# [Data items]
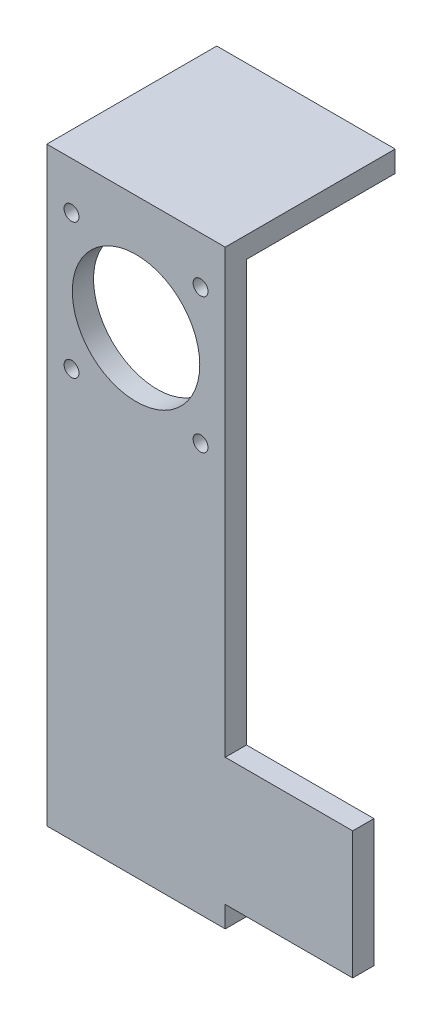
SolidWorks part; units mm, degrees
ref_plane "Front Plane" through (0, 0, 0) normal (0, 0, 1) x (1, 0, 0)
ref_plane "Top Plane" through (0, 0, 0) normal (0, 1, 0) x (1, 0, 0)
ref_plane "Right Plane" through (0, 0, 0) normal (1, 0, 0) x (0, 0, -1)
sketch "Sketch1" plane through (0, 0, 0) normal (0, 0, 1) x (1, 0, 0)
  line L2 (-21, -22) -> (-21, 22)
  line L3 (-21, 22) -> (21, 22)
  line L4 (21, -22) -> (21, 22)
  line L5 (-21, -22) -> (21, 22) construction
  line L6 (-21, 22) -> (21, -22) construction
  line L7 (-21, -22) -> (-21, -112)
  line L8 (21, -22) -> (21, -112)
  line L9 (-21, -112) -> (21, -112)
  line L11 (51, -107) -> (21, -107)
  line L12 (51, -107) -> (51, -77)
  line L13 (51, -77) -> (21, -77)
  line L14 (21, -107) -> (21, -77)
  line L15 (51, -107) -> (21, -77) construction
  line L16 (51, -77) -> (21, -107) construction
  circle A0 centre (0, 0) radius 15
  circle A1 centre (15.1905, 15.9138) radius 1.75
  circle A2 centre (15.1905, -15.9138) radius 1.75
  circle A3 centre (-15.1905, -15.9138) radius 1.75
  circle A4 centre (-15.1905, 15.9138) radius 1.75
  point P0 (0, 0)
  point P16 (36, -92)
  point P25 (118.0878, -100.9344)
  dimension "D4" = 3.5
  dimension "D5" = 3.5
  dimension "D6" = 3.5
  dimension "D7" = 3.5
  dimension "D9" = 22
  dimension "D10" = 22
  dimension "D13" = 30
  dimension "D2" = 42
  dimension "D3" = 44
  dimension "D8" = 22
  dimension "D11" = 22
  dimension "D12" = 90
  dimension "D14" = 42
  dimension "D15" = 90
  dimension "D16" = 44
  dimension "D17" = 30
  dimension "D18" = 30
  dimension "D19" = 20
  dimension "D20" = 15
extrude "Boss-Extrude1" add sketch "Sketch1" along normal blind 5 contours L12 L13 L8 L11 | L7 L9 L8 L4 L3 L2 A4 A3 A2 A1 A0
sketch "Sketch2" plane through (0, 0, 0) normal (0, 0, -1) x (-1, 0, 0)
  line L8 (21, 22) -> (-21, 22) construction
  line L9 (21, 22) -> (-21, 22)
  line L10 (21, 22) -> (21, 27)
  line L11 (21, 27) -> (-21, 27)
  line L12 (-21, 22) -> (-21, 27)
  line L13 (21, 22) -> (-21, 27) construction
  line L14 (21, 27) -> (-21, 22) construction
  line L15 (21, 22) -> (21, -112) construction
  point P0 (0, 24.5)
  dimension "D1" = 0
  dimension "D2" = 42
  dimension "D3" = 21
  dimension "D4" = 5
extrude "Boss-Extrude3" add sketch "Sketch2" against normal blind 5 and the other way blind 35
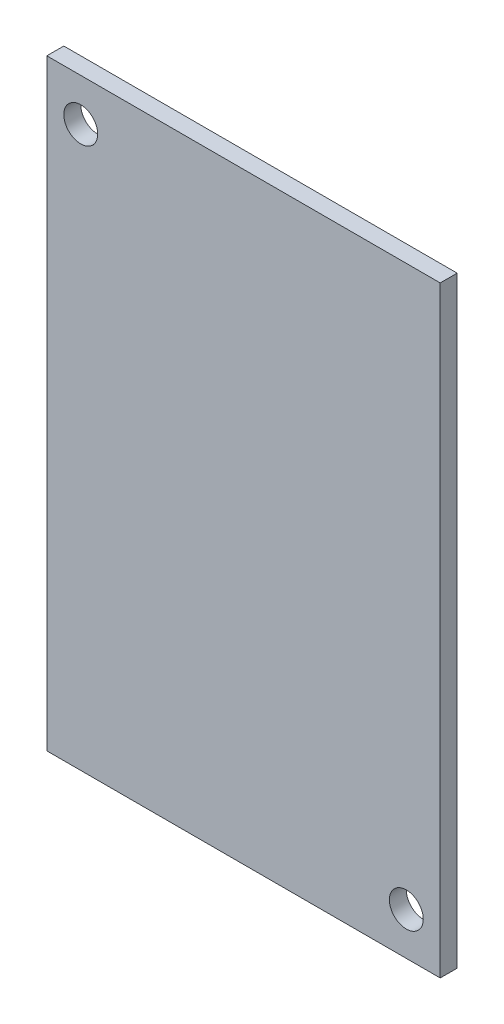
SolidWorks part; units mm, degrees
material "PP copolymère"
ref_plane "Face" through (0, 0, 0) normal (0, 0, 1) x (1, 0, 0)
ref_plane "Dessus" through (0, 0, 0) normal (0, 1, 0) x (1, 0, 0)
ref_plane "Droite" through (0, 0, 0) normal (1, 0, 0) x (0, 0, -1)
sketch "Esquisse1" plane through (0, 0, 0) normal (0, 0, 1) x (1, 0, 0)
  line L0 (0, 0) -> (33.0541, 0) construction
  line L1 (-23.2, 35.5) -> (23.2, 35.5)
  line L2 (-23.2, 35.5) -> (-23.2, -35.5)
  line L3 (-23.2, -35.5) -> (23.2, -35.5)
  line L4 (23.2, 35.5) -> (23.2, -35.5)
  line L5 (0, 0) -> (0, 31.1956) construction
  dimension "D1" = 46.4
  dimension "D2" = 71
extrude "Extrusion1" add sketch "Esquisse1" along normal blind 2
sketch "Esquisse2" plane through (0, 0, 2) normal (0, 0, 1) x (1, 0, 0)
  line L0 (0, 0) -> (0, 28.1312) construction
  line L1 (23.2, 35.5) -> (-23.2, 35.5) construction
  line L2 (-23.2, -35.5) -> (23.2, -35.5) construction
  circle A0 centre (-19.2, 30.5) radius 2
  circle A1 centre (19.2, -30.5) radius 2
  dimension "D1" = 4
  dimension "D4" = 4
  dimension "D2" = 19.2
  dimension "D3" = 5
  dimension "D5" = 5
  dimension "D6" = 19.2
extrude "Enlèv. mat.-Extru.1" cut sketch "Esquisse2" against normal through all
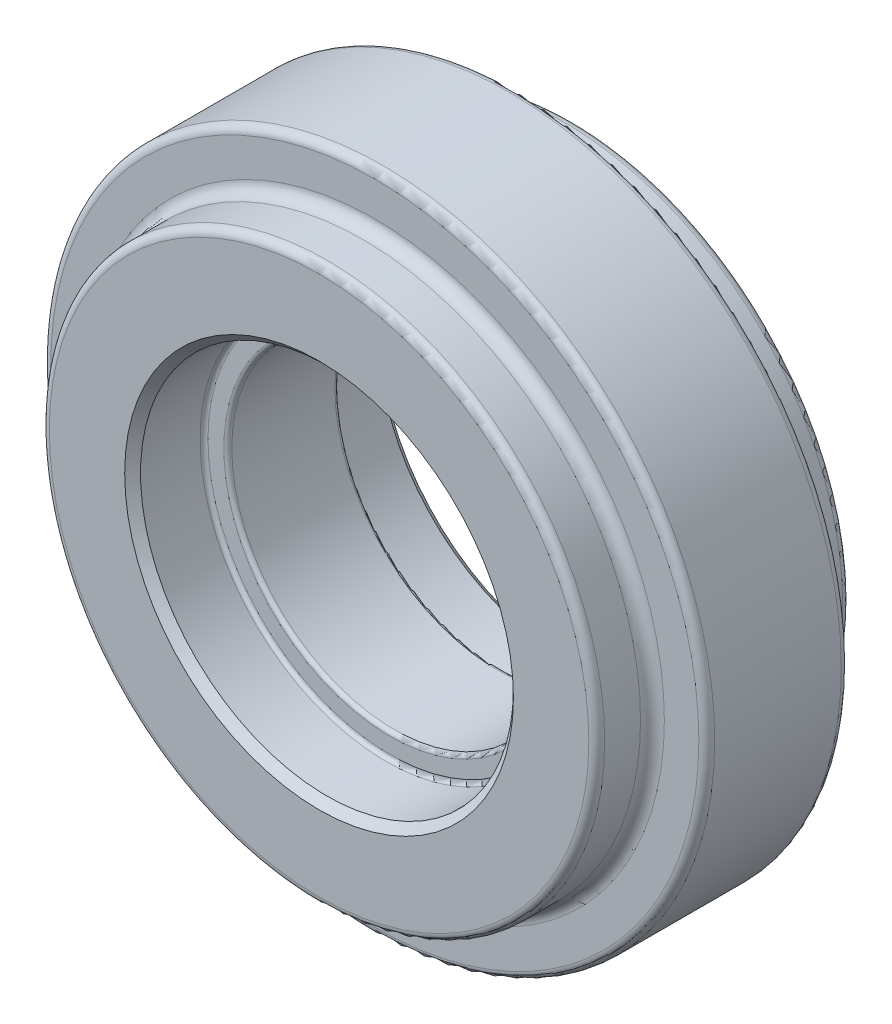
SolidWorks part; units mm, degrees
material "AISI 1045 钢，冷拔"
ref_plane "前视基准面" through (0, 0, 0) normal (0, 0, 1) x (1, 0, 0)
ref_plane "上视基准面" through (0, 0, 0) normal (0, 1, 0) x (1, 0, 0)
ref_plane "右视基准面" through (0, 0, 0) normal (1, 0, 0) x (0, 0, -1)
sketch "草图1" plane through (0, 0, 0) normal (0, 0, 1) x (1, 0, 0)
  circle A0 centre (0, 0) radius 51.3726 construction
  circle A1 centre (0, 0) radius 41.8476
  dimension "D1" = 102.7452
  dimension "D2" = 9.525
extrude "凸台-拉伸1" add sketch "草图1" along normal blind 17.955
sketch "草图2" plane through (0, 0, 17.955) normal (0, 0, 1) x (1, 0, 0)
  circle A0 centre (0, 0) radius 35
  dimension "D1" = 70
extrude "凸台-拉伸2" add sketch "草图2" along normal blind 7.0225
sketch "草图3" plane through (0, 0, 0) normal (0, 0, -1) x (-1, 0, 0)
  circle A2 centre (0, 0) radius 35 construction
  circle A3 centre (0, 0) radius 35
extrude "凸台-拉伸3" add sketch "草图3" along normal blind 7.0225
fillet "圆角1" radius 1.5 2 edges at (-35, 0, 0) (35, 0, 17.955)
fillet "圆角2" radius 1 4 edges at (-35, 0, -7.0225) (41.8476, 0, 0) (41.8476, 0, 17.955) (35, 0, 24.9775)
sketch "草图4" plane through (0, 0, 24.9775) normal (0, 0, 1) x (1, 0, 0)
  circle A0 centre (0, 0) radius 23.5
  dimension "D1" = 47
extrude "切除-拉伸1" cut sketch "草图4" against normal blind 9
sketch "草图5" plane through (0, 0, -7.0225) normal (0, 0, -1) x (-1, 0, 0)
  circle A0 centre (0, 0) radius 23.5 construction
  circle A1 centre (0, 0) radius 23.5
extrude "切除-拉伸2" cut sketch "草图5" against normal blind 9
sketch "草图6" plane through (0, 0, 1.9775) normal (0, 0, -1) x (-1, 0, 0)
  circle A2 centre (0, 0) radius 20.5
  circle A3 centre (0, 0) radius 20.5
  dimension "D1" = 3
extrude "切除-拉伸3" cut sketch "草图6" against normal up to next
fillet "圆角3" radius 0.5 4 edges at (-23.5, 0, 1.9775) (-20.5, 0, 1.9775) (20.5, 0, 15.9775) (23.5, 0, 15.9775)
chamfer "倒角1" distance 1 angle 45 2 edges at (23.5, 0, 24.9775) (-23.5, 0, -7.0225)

# [Assigned task]
The reply must consist of the records, repeated exactly, minus any images.

# [Task response]
SolidWorks part; units mm, degrees
ref_plane "Front Plane" through (0, 0, 0) normal (0, 0, 1) x (1, 0, 0)
ref_plane "Top Plane" through (0, 0, 0) normal (0, 1, 0) x (1, 0, 0)
ref_plane "Right Plane" through (0, 0, 0) normal (1, 0, 0) x (0, 0, -1)
sketch "Sketch1" plane through (0, 0, 0) normal (0, 0, 1) x (1, 0, 0)
  line L2 (-21, -22) -> (-21, 22)
  line L3 (-21, 22) -> (21, 22)
  line L4 (21, -22) -> (21, 22)
  line L5 (-21, -22) -> (21, 22) construction
  line L6 (-21, 22) -> (21, -22) construction
  line L7 (-21, -22) -> (-21, -112)
  line L8 (21, -22) -> (21, -112)
  line L9 (-21, -112) -> (21, -112)
  line L11 (51, -107) -> (21, -107)
  line L12 (51, -107) -> (51, -77)
  line L13 (51, -77) -> (21, -77)
  line L14 (21, -107) -> (21, -77)
  line L15 (51, -107) -> (21, -77) construction
  line L16 (51, -77) -> (21, -107) construction
  circle A0 centre (0, 0) radius 15
  circle A1 centre (15.1905, 15.9138) radius 1.75
  circle A2 centre (15.1905, -15.9138) radius 1.75
  circle A3 centre (-15.1905, -15.9138) radius 1.75
  circle A4 centre (-15.1905, 15.9138) radius 1.75
  point P0 (0, 0)
  point P16 (36, -92)
  point P25 (118.0878, -100.9344)
  dimension "D4" = 3.5
  dimension "D5" = 3.5
  dimension "D6" = 3.5
  dimension "D7" = 3.5
  dimension "D9" = 22
  dimension "D10" = 22
  dimension "D13" = 30
  dimension "D2" = 42
  dimension "D3" = 44
  dimension "D8" = 22
  dimension "D11" = 22
  dimension "D12" = 90
  dimension "D14" = 42
  dimension "D15" = 90
  dimension "D16" = 44
  dimension "D17" = 30
  dimension "D18" = 30
  dimension "D19" = 20
  dimension "D20" = 15
extrude "Boss-Extrude1" add sketch "Sketch1" along normal blind 5 contours L12 L13 L8 L11 | L7 L9 L8 L4 L3 L2 A4 A3 A2 A1 A0
sketch "Sketch2" plane through (0, 0, 0) normal (0, 0, -1) x (-1, 0, 0)
  line L8 (21, 22) -> (-21, 22) construction
  line L9 (21, 22) -> (-21, 22)
  line L10 (21, 22) -> (21, 27)
  line L11 (21, 27) -> (-21, 27)
  line L12 (-21, 22) -> (-21, 27)
  line L13 (21, 22) -> (-21, 27) construction
  line L14 (21, 27) -> (-21, 22) construction
  line L15 (21, 22) -> (21, -112) construction
  point P0 (0, 24.5)
  dimension "D1" = 0
  dimension "D2" = 42
  dimension "D3" = 21
  dimension "D4" = 5
extrude "Boss-Extrude3" add sketch "Sketch2" against normal blind 5 and the other way blind 35
SolidWorks part; units mm, degrees
material "PP copolymère"
ref_plane "Face" through (0, 0, 0) normal (0, 0, 1) x (1, 0, 0)
ref_plane "Dessus" through (0, 0, 0) normal (0, 1, 0) x (1, 0, 0)
ref_plane "Droite" through (0, 0, 0) normal (1, 0, 0) x (0, 0, -1)
sketch "Esquisse1" plane through (0, 0, 0) normal (0, 0, 1) x (1, 0, 0)
  line L0 (0, 0) -> (33.0541, 0) construction
  line L1 (-23.2, 35.5) -> (23.2, 35.5)
  line L2 (-23.2, 35.5) -> (-23.2, -35.5)
  line L3 (-23.2, -35.5) -> (23.2, -35.5)
  line L4 (23.2, 35.5) -> (23.2, -35.5)
  line L5 (0, 0) -> (0, 31.1956) construction
  dimension "D1" = 46.4
  dimension "D2" = 71
extrude "Extrusion1" add sketch "Esquisse1" along normal blind 2
sketch "Esquisse2" plane through (0, 0, 2) normal (0, 0, 1) x (1, 0, 0)
  line L0 (0, 0) -> (0, 28.1312) construction
  line L1 (23.2, 35.5) -> (-23.2, 35.5) construction
  line L2 (-23.2, -35.5) -> (23.2, -35.5) construction
  circle A0 centre (-19.2, 30.5) radius 2
  circle A1 centre (19.2, -30.5) radius 2
  dimension "D1" = 4
  dimension "D4" = 4
  dimension "D2" = 19.2
  dimension "D3" = 5
  dimension "D5" = 5
  dimension "D6" = 19.2
extrude "Enlèv. mat.-Extru.1" cut sketch "Esquisse2" against normal through all
SolidWorks part; units mm, degrees
material "AISI 1045 钢，冷拔"
ref_plane "前视基准面" through (0, 0, 0) normal (0, 0, 1) x (1, 0, 0)
ref_plane "上视基准面" through (0, 0, 0) normal (0, 1, 0) x (1, 0, 0)
ref_plane "右视基准面" through (0, 0, 0) normal (1, 0, 0) x (0, 0, -1)
sketch "草图1" plane through (0, 0, 0) normal (0, 0, 1) x (1, 0, 0)
  circle A0 centre (0, 0) radius 51.3726 construction
  circle A1 centre (0, 0) radius 41.8476
  dimension "D1" = 102.7452
  dimension "D2" = 9.525
extrude "凸台-拉伸1" add sketch "草图1" along normal blind 17.955
sketch "草图2" plane through (0, 0, 17.955) normal (0, 0, 1) x (1, 0, 0)
  circle A0 centre (0, 0) radius 35
  dimension "D1" = 70
extrude "凸台-拉伸2" add sketch "草图2" along normal blind 7.0225
sketch "草图3" plane through (0, 0, 0) normal (0, 0, -1) x (-1, 0, 0)
  circle A2 centre (0, 0) radius 35 construction
  circle A3 centre (0, 0) radius 35
extrude "凸台-拉伸3" add sketch "草图3" along normal blind 7.0225
fillet "圆角1" radius 1.5 2 edges at (-35, 0, 0) (35, 0, 17.955)
fillet "圆角2" radius 1 4 edges at (-35, 0, -7.0225) (41.8476, 0, 0) (41.8476, 0, 17.955) (35, 0, 24.9775)
sketch "草图4" plane through (0, 0, 24.9775) normal (0, 0, 1) x (1, 0, 0)
  circle A0 centre (0, 0) radius 23.5
  dimension "D1" = 47
extrude "切除-拉伸1" cut sketch "草图4" against normal blind 9
sketch "草图5" plane through (0, 0, -7.0225) normal (0, 0, -1) x (-1, 0, 0)
  circle A0 centre (0, 0) radius 23.5 construction
  circle A1 centre (0, 0) radius 23.5
extrude "切除-拉伸2" cut sketch "草图5" against normal blind 9
sketch "草图6" plane through (0, 0, 1.9775) normal (0, 0, -1) x (-1, 0, 0)
  circle A2 centre (0, 0) radius 20.5
  circle A3 centre (0, 0) radius 20.5
  dimension "D1" = 3
extrude "切除-拉伸3" cut sketch "草图6" against normal up to next
fillet "圆角3" radius 0.5 4 edges at (-23.5, 0, 1.9775) (-20.5, 0, 1.9775) (20.5, 0, 15.9775) (23.5, 0, 15.9775)
chamfer "倒角1" distance 1 angle 45 2 edges at (23.5, 0, 24.9775) (-23.5, 0, -7.0225)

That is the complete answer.